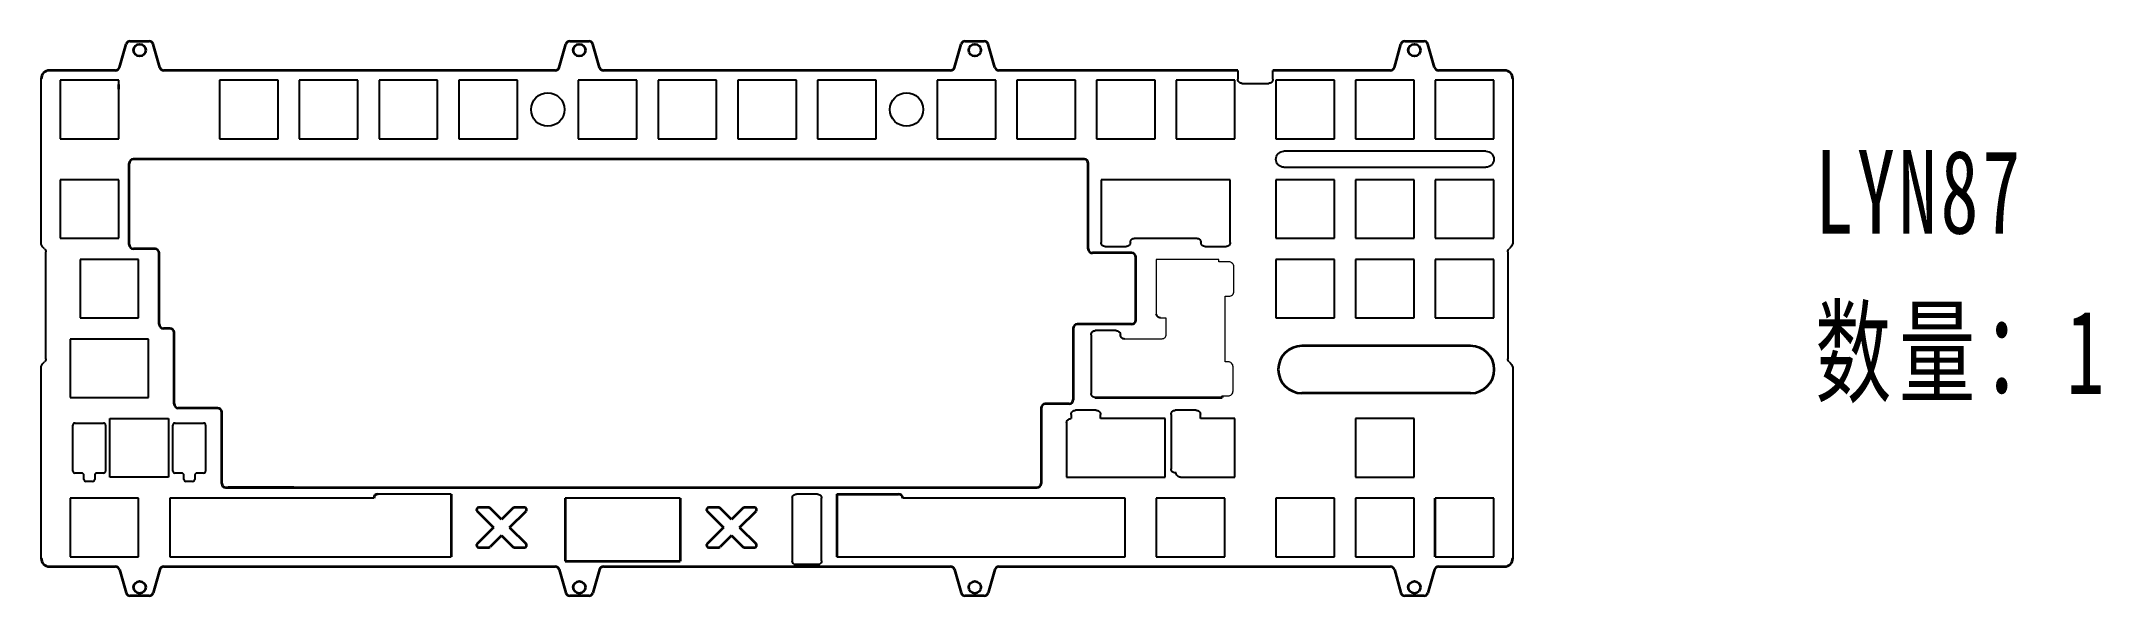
# Model space of a CAD drawing. Header units: millimetres. Extents: x 0 to 492, y 0 to 133.
import ezdxf

# ---------------------------------------------------------------- set-up
doc = ezdxf.new("R2010")
doc.units = ezdxf.units.MM
doc.layers.get('0').update_dxf_attribs({"lineweight": 35})
doc.layers.add('粗实线层', color=7, linetype='Continuous', lineweight=35)
doc.layers.add('细实线层', color=7, linetype='Continuous', lineweight=18)
doc.styles.add('标准', font='', dxfattribs={"width": 0.667})
doc.styles.get('标准').set_extended_font_data('仿宋_gb2312')

msp = doc.modelspace()

# ---------------------------------------------------------------- linework, layer by layer
at = {"color": 7, "linetype": 'Continuous', "lineweight": 25}
for p, q in [((0, 122.07), (0, 123.73)), ((4.53, 123.37), (4.53, 109.37)), ((18.53, 123.37), (4.53, 123.37)), ((18.53, 109.37), (18.53, 123.37)), ((42.63, 123.37), (42.63, 109.37)), ((56.63, 123.37), (42.63, 123.37)), ((56.63, 109.37), (56.63, 123.37)), ((61.68, 123.37), (61.68, 109.37)), ((75.68, 123.37), (61.68, 123.37)), ((75.68, 109.37), (75.68, 123.37)), ((80.73, 123.37), (80.73, 109.37)), ((94.73, 123.37), (80.73, 123.37)), ((94.73, 109.37), (94.73, 123.37)), ((99.78, 123.37), (99.78, 109.37)), ((113.78, 123.37), (99.78, 123.37)), ((113.78, 109.37), (113.78, 123.37)), ((128.35, 123.37), (128.35, 109.37)), ((142.35, 123.37), (128.35, 123.37)), ((142.35, 109.37), (142.35, 123.37)), ((147.4, 123.37), (147.4, 109.37)), ((161.4, 123.37), (147.4, 123.37)), ((161.4, 109.37), (161.4, 123.37)), ((166.45, 123.37), (166.45, 109.37)), ((180.45, 123.37), (166.45, 123.37)), ((180.45, 109.37), (180.45, 123.37)), ((185.5, 123.37), (185.5, 109.37)), ((199.5, 123.37), (185.5, 123.37)), ((199.5, 109.37), (199.5, 123.37)), ((214.08, 123.37), (214.08, 109.37)), ((228.08, 123.37), (214.08, 123.37)), ((228.08, 109.37), (228.08, 123.37)), ((233.13, 123.37), (233.13, 109.37)), ((247.13, 123.37), (233.13, 123.37)), ((247.13, 109.37), (247.13, 123.37)), ((252.19, 123.37), (252.19, 109.37)), ((266.19, 123.37), (252.19, 123.37)), ((266.19, 109.37), (266.19, 123.37)), ((271.23, 123.37), (271.23, 109.37)), ((285.23, 123.37), (271.23, 123.37)), ((285.23, 109.37), (285.23, 123.37)), ((285.94, 125.73), (285.94, 123.62)), ((294.33, 123.62), (294.33, 125.73)), ((295.04, 123.37), (295.04, 109.37)), ((309.04, 123.37), (295.04, 123.37)), ((309.04, 109.37), (309.04, 123.37)), ((328.09, 123.37), (314.09, 123.37)), ((314.09, 123.37), (314.09, 109.37)), ((328.09, 109.37), (328.09, 123.37)), ((333.14, 123.37), (333.14, 109.37)), ((347.14, 123.37), (333.14, 123.37)), ((347.14, 109.37), (347.14, 123.37)), ((351.66, 123.73), (351.66, 84.4)), ((0, 84.13), (0, 122.07)), ((286.94, 122.62), (293.33, 122.62)), ((4.53, 109.37), (18.53, 109.37)), ((42.63, 109.37), (56.63, 109.37)), ((61.68, 109.37), (75.68, 109.37)), ((80.73, 109.37), (94.73, 109.37)), ((99.78, 109.37), (113.78, 109.37)), ((128.35, 109.37), (142.35, 109.37)), ((147.4, 109.37), (161.4, 109.37)), ((166.45, 109.37), (180.45, 109.37)), ((185.5, 109.37), (199.5, 109.37)), ((214.08, 109.37), (228.08, 109.37)), ((233.13, 109.37), (247.13, 109.37)), ((252.19, 109.37), (266.19, 109.37)), ((271.23, 109.37), (285.23, 109.37)), ((295.04, 109.37), (309.04, 109.37)), ((314.09, 109.37), (328.09, 109.37)), ((333.14, 109.37), (347.14, 109.37)), ((345.24, 106.37), (296.94, 106.37)), ((4.53, 99.56), (4.53, 85.56)), ((18.53, 99.56), (4.53, 99.56)), ((18.53, 85.56), (18.53, 99.56)), ((253.26, 99.56), (253.26, 84.56)), ((284.14, 99.56), (253.26, 99.56)), ((284.14, 84.56), (284.14, 99.56)), ((295.04, 99.56), (295.04, 85.56)), ((309.04, 99.56), (295.04, 99.56)), ((296.94, 102.57), (345.24, 102.57)), ((309.04, 85.56), (309.04, 99.56)), ((314.09, 99.56), (314.09, 85.56)), ((328.09, 99.56), (314.09, 99.56)), ((328.09, 85.56), (328.09, 99.56)), ((333.14, 99.56), (333.14, 85.56)), ((347.14, 99.56), (333.14, 99.56)), ((347.14, 85.56), (347.14, 99.56)), ((4.53, 85.56), (18.53, 85.56)), ((261.26, 85.56), (276.14, 85.56)), ((295.04, 85.56), (309.04, 85.56)), ((314.09, 85.56), (328.09, 85.56)), ((333.14, 85.56), (347.14, 85.56)), ((1.1, 56.75), (1.1, 82.29)), ((9.29, 80.51), (9.29, 66.51)), ((23.29, 80.51), (9.29, 80.51)), ((23.29, 66.51), (23.29, 80.51)), ((254.26, 83.56), (259.26, 83.56)), ((278.14, 83.56), (283.14, 83.56)), ((295.04, 80.51), (295.04, 66.51)), ((309.04, 80.51), (295.04, 80.51)), ((309.04, 66.51), (309.04, 80.51)), ((314.09, 80.51), (314.09, 66.51)), ((328.09, 80.51), (314.09, 80.51)), ((328.09, 66.51), (328.09, 80.51)), ((333.14, 80.51), (333.14, 66.51)), ((347.14, 80.51), (333.14, 80.51)), ((347.14, 66.51), (347.14, 80.51)), ((350.46, 82.29), (350.46, 56.75)), ((9.29, 66.51), (23.29, 66.51)), ((295.04, 66.51), (309.04, 66.51)), ((314.09, 66.51), (328.09, 66.51)), ((333.14, 66.51), (347.14, 66.51)), ((6.91, 61.46), (6.91, 47.46)), ((25.67, 61.46), (6.91, 61.46)), ((25.67, 47.46), (25.67, 61.46)), ((250.88, 62.46), (250.88, 48.46)), ((256.88, 63.46), (251.88, 63.46)), ((0, 9), (0, 54.91)), ((351.66, 54.64), (351.66, 24.35)), ((6.91, 47.46), (25.67, 47.46)), ((252.12, 44.41), (247.12, 44.41)), ((276, 44.41), (271, 44.41)), ((7.59, 29.86), (7.59, 40.86)), ((8.09, 41.36), (14.89, 41.36)), ((15.39, 40.86), (15.39, 29.86)), ((16.43, 28.41), (16.43, 42.41)), ((16.43, 42.41), (30.43, 42.41)), ((30.43, 42.41), (30.43, 28.41)), ((31.49, 29.86), (31.49, 40.86)), ((31.99, 41.36), (38.79, 41.36)), ((39.29, 40.86), (39.29, 29.86)), ((245.03, 41.41), (245.03, 28.41)), ((246.12, 43.41), (246.12, 42.41)), ((253.12, 42.41), (253.12, 43.41)), ((268.56, 42.41), (253.12, 42.41)), ((268.56, 28.41), (268.56, 42.41)), ((270, 43.41), (270, 30.41)), ((277, 42.41), (277, 43.41)), ((285.23, 42.41), (277, 42.41)), ((285.23, 28.41), (285.23, 42.41)), ((314.09, 42.41), (314.09, 28.41)), ((328.09, 42.41), (314.09, 42.41)), ((328.09, 28.41), (328.09, 42.41)), ((9.69, 29.36), (8.09, 29.36)), ((10.19, 27.87), (10.19, 28.86)), ((12.29, 27.37), (10.69, 27.37)), ((12.79, 28.86), (12.79, 27.87)), ((14.89, 29.36), (13.29, 29.36)), ((30.43, 28.41), (16.43, 28.41)), ((33.59, 29.36), (31.99, 29.36)), ((34.09, 27.87), (34.09, 28.86)), ((36.19, 27.37), (34.59, 27.37)), ((36.69, 28.86), (36.69, 27.87)), ((38.79, 29.36), (37.19, 29.36)), ((245.03, 28.41), (268.56, 28.41)), ((272.23, 28.41), (285.23, 28.41)), ((314.09, 28.41), (328.09, 28.41)), ((23.29, 23.36), (6.91, 23.36)), ((6.91, 23.36), (6.91, 9.36)), ((23.29, 9.36), (23.29, 23.36)), ((79.47, 23.36), (30.72, 23.36)), ((30.72, 23.36), (30.72, 9.36)), ((97.98, 24.36), (80.47, 24.36)), ((152.68, 23.36), (125.17, 23.36)), ((179.48, 23.36), (179.48, 8.36)), ((185.48, 24.36), (180.48, 24.36)), ((186.48, 8.36), (186.48, 23.36)), ((259.03, 23.36), (205.9, 23.36)), ((259.03, 9.36), (259.03, 23.36)), ((266.47, 23.36), (266.47, 9.36)), ((282.85, 23.36), (266.47, 23.36)), ((282.85, 9.36), (282.85, 23.36)), ((295.04, 23.36), (295.04, 9.36)), ((309.04, 23.36), (295.04, 23.36)), ((309.04, 9.36), (309.04, 23.36)), ((314.09, 23.36), (314.09, 9.36)), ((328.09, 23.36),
· · · · · · ·
• YOUR ASSIGNMENT: Within the records, filter for lines that contain the word "ezdxf" and show each one.

• REPLY:
import ezdxf
doc = ezdxf.new("R2010")
doc.units = ezdxf.units.MM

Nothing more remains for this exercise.